#### TASK BRIEF:
Your answer should hold all lines of the entries that include the word "extrude".

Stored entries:
■ ■ ■ ■ ■ ■ ■

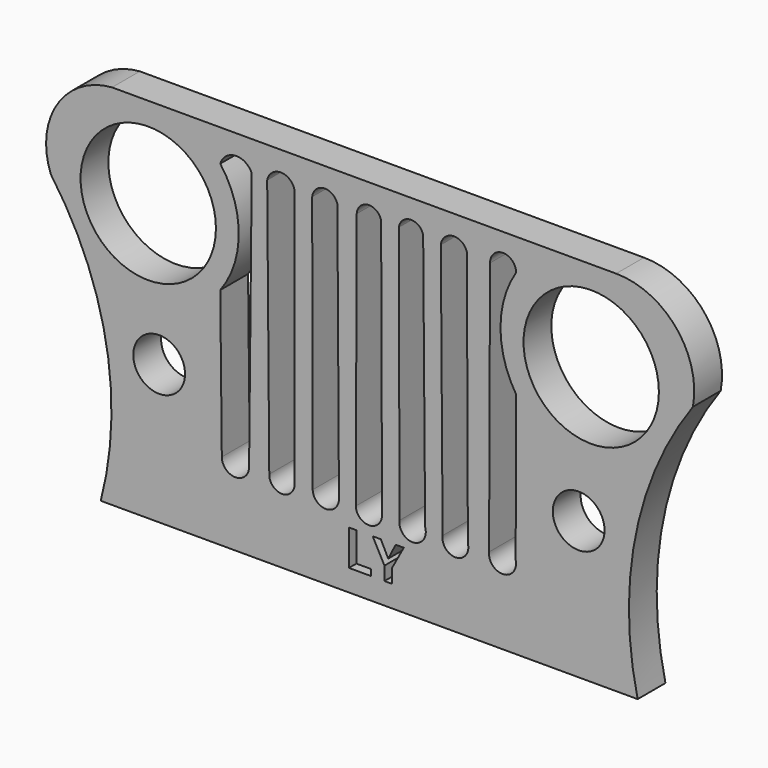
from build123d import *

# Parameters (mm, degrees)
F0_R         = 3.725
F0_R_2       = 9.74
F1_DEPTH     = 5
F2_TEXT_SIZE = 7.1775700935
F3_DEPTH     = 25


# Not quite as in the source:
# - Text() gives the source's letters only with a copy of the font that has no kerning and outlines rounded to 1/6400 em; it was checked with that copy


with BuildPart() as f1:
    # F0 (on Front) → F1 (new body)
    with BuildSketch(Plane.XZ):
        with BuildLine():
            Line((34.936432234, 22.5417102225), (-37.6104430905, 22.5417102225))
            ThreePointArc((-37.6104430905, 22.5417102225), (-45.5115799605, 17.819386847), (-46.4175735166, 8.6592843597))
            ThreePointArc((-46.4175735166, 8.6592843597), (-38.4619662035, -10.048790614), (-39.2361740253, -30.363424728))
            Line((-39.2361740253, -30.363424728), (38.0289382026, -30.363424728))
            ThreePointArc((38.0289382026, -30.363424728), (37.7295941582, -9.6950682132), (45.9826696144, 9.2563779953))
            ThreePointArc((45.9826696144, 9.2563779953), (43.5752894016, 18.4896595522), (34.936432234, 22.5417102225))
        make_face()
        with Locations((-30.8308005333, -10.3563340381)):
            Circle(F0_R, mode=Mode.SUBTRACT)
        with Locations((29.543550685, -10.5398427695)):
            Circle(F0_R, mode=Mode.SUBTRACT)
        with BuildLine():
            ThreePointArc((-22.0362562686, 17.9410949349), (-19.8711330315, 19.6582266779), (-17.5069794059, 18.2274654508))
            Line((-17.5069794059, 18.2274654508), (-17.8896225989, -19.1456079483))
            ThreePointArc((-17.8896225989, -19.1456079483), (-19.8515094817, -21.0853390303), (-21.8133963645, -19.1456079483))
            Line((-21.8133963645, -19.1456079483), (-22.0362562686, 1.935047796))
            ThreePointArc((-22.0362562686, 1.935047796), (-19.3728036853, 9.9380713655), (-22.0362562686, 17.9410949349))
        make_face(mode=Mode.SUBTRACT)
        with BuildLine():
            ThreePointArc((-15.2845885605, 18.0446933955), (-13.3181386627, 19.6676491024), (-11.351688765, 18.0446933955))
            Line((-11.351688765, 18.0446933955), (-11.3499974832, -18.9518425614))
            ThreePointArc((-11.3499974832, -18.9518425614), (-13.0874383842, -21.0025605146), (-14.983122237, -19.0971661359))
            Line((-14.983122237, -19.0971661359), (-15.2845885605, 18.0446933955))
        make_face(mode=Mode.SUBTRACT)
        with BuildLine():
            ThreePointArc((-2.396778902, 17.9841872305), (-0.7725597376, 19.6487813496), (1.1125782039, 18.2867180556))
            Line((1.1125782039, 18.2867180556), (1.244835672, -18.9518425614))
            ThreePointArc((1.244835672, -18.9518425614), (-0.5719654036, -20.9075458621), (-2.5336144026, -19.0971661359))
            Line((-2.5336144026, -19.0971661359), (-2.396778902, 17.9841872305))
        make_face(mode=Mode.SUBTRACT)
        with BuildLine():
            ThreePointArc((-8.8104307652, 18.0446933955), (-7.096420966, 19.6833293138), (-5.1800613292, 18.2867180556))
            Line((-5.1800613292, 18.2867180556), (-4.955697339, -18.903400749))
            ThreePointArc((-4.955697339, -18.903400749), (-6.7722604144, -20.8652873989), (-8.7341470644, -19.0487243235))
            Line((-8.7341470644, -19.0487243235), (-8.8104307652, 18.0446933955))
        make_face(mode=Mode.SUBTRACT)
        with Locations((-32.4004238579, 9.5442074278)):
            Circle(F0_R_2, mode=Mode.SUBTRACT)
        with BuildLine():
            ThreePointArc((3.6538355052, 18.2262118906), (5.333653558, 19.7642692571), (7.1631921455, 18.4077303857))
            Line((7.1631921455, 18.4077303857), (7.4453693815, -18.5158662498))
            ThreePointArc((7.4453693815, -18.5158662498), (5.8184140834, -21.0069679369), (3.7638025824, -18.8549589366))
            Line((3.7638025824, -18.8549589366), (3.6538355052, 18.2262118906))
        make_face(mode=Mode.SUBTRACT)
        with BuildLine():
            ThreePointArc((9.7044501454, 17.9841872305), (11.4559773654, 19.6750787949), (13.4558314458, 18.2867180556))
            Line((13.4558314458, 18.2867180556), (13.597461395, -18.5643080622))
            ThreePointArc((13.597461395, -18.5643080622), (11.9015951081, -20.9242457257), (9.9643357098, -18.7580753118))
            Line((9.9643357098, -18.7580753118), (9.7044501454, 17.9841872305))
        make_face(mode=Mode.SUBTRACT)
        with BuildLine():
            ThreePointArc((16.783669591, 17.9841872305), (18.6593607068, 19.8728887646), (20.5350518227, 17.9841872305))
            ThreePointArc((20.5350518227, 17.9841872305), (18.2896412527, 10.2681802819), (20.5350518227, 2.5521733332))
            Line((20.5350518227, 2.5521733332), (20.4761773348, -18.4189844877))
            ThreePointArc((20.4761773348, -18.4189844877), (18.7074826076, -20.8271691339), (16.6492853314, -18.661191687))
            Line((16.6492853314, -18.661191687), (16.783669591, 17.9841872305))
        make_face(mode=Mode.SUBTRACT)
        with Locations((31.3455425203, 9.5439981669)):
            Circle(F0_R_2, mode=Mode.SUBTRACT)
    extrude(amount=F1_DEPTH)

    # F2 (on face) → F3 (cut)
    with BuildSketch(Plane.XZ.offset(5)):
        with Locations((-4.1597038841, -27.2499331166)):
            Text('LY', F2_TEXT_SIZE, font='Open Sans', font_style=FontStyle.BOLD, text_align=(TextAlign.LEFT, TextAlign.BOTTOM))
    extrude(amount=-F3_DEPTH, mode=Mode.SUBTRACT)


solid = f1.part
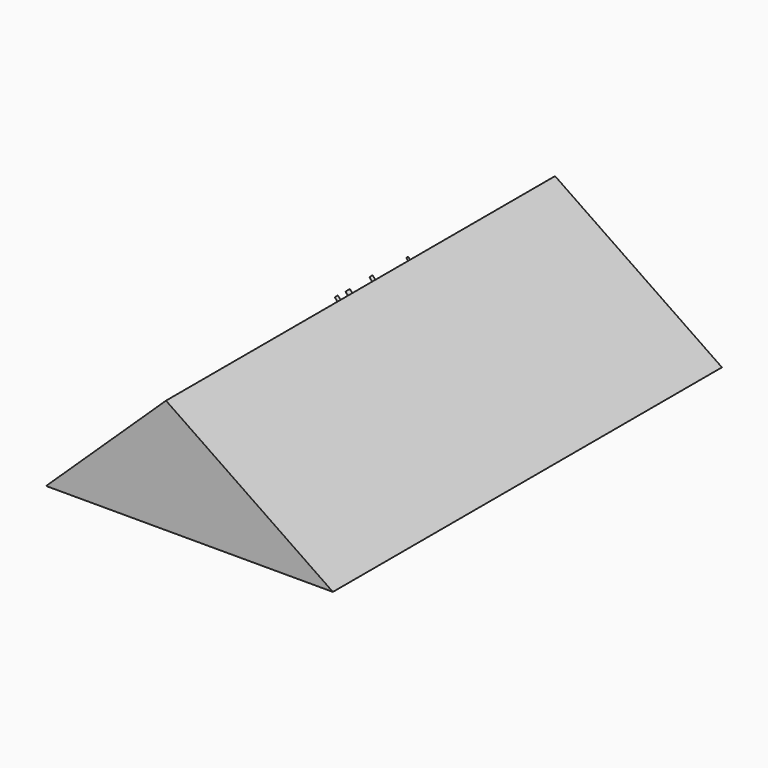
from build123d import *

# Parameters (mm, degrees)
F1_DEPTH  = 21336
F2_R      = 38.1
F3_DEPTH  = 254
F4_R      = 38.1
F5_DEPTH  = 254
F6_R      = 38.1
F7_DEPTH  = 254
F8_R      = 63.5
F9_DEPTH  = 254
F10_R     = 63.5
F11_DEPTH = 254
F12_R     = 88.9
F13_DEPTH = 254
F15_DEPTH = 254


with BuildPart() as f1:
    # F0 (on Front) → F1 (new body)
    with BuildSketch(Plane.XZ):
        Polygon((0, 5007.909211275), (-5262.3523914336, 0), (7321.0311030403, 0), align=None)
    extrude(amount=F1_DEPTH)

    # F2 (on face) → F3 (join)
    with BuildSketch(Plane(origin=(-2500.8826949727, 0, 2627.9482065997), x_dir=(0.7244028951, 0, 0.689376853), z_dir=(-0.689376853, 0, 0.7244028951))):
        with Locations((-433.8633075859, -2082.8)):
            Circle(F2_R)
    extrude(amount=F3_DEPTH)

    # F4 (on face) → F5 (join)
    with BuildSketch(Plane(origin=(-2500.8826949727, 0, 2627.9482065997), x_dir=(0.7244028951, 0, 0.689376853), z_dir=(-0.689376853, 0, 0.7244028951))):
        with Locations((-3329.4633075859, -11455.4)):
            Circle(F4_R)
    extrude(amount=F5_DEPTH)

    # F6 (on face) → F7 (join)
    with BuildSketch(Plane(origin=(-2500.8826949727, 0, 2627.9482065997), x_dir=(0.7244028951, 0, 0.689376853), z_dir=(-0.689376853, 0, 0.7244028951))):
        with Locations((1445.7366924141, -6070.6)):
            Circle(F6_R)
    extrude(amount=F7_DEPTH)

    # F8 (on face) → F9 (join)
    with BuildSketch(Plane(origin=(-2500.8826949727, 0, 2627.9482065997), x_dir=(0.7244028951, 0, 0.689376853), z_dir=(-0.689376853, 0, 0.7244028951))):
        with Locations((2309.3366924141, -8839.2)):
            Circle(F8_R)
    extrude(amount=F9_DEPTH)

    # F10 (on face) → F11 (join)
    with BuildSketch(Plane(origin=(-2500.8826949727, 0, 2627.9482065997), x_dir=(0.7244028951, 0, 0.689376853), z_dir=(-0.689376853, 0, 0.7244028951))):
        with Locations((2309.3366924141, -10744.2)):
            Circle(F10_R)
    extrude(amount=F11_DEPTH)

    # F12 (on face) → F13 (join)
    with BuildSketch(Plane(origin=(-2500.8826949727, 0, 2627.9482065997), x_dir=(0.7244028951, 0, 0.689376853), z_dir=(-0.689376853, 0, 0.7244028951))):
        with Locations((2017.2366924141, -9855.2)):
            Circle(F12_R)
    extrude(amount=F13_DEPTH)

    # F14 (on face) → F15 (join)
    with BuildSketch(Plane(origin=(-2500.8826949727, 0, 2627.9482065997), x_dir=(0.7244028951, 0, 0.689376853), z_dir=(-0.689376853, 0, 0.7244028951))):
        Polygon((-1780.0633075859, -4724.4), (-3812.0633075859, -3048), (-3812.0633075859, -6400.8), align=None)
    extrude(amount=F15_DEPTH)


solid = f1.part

■ ■ ■ ■ ■ ■ ■

#### SOLUTION FOR THIS EXERCISE:
    extrude(amount=F1_DEPTH)
    extrude(amount=-F3_DEPTH, mode=Mode.SUBTRACT)
    extrude(amount=F1_DEPTH)
    extrude(amount=F3_DEPTH)
    extrude(amount=F5_DEPTH)
    extrude(amount=F7_DEPTH)
    extrude(amount=F9_DEPTH)
    extrude(amount=F11_DEPTH)
    extrude(amount=F13_DEPTH)
    extrude(amount=F15_DEPTH)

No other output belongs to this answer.